"Fire, Aim, Ready!" — The Alpine Amusement Unraveled, Part 2
An overnight change at Grays and Torreys highlights the downstream challenges of crowd management.
This written investigation delves deeper into the issues highlighted in the documentary, "The Alpine Amusement Park." Here’s a quick refresher from part 1:
Crowding is not a phenomenon brought on by the pandemic
More hikers do not necessarily mean worse trail degradation
All but two fourteener trails are unplanned bushwhacks
Do You Remember the Chaos?
The first time I hiked Grays and Torreys, parking was an absolute cluster-hug. Once the tiny trailhead lot filled up, you kinda just squeezed your car wherever it fit. I remember pulling in behind a sedan that had bottomed out, and didn’t dare go farther.
If it had been light out when I left the car, and I saw where I’d left it, I would’ve spent the whole hike worrying whether it had rolled into the ravine.

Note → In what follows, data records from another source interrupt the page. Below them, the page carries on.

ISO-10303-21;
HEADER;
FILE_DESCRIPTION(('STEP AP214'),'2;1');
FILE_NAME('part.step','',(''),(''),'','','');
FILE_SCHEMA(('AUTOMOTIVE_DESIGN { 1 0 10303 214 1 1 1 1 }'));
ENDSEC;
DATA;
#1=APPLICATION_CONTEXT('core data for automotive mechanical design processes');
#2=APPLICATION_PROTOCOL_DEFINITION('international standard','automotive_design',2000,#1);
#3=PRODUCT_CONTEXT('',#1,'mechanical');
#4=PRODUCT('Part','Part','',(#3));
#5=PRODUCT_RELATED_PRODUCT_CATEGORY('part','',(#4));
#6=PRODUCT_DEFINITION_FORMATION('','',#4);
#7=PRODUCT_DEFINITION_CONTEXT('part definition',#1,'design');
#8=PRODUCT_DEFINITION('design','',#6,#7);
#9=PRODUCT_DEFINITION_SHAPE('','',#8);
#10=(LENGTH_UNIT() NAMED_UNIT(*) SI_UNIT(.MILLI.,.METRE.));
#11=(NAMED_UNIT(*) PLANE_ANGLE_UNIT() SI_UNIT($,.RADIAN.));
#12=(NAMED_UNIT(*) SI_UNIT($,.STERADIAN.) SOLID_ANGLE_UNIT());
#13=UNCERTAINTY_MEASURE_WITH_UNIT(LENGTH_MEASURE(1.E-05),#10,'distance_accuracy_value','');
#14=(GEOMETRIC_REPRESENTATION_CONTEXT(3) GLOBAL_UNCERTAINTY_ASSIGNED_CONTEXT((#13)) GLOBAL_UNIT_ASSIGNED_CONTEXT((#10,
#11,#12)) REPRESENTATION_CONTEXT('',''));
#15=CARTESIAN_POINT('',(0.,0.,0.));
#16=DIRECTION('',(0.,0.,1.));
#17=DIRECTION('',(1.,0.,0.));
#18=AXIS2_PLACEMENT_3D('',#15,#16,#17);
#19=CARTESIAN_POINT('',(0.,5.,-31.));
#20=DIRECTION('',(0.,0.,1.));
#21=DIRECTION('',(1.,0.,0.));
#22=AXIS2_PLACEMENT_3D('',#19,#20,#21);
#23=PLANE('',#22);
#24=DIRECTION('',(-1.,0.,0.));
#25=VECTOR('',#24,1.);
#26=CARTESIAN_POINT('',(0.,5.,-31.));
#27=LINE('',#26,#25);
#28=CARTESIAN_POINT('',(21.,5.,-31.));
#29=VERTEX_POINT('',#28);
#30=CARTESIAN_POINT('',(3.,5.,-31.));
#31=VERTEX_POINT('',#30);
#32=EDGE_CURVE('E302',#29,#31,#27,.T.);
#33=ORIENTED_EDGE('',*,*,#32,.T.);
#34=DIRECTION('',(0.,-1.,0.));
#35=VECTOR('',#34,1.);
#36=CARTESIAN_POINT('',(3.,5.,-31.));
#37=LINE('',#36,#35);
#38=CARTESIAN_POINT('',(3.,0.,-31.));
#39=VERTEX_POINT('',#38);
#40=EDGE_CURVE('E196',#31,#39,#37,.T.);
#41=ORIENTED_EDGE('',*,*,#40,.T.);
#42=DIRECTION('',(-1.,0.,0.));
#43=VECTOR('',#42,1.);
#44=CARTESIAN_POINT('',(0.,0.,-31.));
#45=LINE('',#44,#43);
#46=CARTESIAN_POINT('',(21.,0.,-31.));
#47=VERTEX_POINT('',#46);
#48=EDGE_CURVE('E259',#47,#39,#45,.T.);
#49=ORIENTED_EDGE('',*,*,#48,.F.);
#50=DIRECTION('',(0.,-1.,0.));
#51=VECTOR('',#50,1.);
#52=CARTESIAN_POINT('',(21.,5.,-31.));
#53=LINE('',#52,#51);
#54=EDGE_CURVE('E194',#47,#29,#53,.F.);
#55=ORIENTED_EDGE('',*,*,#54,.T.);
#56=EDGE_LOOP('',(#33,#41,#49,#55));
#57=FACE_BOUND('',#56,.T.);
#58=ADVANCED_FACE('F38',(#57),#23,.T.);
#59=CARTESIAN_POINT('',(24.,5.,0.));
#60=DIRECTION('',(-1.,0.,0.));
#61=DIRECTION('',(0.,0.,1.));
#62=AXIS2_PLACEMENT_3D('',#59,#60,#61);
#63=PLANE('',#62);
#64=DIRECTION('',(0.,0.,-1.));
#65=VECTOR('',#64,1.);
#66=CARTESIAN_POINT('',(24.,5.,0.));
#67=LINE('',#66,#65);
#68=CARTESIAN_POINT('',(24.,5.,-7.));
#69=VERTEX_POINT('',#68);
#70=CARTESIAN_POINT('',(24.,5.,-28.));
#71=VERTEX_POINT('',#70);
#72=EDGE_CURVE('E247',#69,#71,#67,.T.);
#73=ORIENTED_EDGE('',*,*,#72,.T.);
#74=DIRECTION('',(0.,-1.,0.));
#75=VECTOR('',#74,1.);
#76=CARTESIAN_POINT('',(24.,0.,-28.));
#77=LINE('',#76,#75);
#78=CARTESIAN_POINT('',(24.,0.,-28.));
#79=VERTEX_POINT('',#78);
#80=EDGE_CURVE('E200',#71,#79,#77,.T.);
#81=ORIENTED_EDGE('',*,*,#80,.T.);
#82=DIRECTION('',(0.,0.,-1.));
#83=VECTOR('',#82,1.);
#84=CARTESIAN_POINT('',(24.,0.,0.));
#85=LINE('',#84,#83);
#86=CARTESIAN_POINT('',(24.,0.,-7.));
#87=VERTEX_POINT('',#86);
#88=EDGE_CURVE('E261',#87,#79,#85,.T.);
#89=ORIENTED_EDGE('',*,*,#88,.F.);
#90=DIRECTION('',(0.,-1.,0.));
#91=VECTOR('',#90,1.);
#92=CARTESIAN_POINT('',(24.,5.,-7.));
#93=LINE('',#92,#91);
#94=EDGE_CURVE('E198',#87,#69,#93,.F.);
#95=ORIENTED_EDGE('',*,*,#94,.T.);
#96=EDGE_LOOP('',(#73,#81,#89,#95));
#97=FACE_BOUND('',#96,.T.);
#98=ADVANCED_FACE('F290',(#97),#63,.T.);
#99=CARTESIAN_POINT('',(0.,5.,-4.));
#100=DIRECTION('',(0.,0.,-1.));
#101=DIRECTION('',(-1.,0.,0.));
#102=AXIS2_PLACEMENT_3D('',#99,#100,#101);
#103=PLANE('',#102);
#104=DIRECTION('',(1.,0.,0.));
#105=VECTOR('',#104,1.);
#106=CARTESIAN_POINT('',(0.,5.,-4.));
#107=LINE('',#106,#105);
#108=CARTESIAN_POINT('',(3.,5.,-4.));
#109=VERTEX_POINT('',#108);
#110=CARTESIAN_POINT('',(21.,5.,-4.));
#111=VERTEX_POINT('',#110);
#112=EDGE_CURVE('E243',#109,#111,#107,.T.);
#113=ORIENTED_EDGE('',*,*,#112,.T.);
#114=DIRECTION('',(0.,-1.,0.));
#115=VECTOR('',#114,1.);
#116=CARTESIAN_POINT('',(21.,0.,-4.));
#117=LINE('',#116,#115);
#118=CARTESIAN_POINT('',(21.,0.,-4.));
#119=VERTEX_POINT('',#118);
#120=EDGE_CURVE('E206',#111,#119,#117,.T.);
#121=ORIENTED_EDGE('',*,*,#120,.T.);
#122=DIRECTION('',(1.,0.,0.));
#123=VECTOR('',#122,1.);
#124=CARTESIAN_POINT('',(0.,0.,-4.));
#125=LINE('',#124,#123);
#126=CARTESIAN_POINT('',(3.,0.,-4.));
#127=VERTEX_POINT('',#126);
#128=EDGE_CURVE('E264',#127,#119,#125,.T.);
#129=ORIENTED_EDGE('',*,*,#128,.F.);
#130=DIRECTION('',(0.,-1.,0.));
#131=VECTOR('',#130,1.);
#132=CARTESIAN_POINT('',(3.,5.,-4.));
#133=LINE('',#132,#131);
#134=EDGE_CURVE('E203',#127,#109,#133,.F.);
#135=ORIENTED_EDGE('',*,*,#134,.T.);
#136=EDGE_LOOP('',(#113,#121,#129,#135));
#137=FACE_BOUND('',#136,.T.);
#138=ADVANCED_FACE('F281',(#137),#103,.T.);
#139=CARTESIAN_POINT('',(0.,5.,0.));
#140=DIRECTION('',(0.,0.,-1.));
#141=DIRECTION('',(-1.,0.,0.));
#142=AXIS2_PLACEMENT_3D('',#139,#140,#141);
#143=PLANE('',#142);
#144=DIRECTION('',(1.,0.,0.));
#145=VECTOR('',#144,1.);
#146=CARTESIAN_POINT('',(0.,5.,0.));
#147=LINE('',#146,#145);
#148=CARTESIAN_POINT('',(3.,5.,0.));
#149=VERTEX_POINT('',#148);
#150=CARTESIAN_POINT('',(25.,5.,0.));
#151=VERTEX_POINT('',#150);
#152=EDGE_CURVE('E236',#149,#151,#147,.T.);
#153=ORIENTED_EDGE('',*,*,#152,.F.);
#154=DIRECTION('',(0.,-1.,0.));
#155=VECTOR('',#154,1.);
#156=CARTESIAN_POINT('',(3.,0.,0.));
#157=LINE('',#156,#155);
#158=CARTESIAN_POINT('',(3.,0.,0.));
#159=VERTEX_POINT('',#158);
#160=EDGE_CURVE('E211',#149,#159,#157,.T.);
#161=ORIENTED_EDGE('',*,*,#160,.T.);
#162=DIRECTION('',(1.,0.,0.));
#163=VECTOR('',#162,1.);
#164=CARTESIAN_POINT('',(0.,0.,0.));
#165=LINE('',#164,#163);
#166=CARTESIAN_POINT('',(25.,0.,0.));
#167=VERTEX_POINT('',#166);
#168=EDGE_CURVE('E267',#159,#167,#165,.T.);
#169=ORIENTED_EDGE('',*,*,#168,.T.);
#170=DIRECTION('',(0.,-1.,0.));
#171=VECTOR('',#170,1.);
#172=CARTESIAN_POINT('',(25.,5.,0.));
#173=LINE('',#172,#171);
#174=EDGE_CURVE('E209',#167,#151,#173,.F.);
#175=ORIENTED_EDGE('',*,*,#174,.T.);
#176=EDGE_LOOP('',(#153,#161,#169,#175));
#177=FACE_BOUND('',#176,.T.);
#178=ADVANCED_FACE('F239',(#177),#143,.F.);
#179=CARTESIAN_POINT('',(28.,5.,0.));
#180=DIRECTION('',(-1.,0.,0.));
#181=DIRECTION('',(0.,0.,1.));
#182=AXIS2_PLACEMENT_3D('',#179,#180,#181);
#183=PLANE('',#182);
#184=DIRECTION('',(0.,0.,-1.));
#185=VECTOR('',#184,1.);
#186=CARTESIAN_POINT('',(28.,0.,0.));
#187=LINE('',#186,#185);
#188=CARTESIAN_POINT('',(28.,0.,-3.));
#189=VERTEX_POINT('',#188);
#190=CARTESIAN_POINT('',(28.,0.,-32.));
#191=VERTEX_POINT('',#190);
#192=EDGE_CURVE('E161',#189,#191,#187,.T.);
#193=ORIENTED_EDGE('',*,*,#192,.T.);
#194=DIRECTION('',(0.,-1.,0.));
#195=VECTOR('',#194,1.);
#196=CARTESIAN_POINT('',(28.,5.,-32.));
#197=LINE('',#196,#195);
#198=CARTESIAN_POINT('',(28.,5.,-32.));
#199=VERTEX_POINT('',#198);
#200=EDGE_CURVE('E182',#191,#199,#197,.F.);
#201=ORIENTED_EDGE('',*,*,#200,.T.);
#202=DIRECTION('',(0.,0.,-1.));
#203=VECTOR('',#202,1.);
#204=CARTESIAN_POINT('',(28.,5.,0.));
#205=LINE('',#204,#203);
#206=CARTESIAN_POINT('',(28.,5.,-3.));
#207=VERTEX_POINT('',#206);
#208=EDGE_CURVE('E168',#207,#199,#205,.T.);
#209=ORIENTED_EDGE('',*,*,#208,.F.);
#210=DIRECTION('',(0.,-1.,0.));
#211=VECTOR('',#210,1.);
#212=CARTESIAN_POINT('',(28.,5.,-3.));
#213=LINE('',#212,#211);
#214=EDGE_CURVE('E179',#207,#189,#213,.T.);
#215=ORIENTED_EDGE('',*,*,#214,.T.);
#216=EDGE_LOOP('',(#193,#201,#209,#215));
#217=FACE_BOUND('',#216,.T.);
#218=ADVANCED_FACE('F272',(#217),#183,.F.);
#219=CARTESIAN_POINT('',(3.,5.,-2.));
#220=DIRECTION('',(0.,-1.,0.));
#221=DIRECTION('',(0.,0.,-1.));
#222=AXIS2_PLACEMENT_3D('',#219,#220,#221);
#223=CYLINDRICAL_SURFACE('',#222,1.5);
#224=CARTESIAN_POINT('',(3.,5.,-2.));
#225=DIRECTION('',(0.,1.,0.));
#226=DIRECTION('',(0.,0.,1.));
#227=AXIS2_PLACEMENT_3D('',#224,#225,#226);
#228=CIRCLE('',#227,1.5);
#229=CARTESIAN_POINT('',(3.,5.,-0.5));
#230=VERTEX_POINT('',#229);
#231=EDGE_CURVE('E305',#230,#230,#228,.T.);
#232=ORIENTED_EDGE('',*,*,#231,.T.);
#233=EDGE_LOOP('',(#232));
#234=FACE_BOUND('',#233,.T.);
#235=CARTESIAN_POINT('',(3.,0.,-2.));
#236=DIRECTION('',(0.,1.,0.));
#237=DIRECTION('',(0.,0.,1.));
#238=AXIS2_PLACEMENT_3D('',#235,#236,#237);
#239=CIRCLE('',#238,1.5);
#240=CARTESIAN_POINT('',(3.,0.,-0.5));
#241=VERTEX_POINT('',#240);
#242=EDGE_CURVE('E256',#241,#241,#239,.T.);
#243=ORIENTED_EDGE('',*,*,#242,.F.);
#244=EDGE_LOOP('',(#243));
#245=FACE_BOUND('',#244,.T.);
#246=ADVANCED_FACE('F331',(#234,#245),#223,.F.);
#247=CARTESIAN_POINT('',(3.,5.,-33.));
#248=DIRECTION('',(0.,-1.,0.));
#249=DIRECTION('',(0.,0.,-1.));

All these cars parked along the road also made it a nightmare to drive back down to the highway. Then, one morning, signs like these lined the signs of the narrow roadway:
As previously outlined: this trail started as a bushwhack built on an old mining road. The parking area sits on a postage stamp of land, surrounded by homes on remote private property, with no room to expand.
Private landowners weren’t the only ones taking issue with the clogging of Steven’s Gulch.
As early as 2019, Alpine Rescue Team — which responds to calls at Grays and Torreys — raised concerns rescue vehicles may have difficulty getting through in case of emergency.
Steve and Dawn Wilson are both public information officers for the group. They echoed my earlier conclusion from CFI data: trail use is steadily climbing in line with Denver’s growing population.
Alpine Rescue Team is shouldered with a tricky burden. Their coverage area is along the I-70 corridor, and among the closest to the metro area. It’s tasked with responding to some of the most popular destinations in the state of Colorado.
“The fourteeners that we have are the beginning1 fourteeners. Evans and Bierstadt, and Grays and Torreys aren’t the ones that are the last ones people check off, when they’re doing the list. It’s the first ones,” Steve said.
Exactly which fourteeners see the most attention vary year to year.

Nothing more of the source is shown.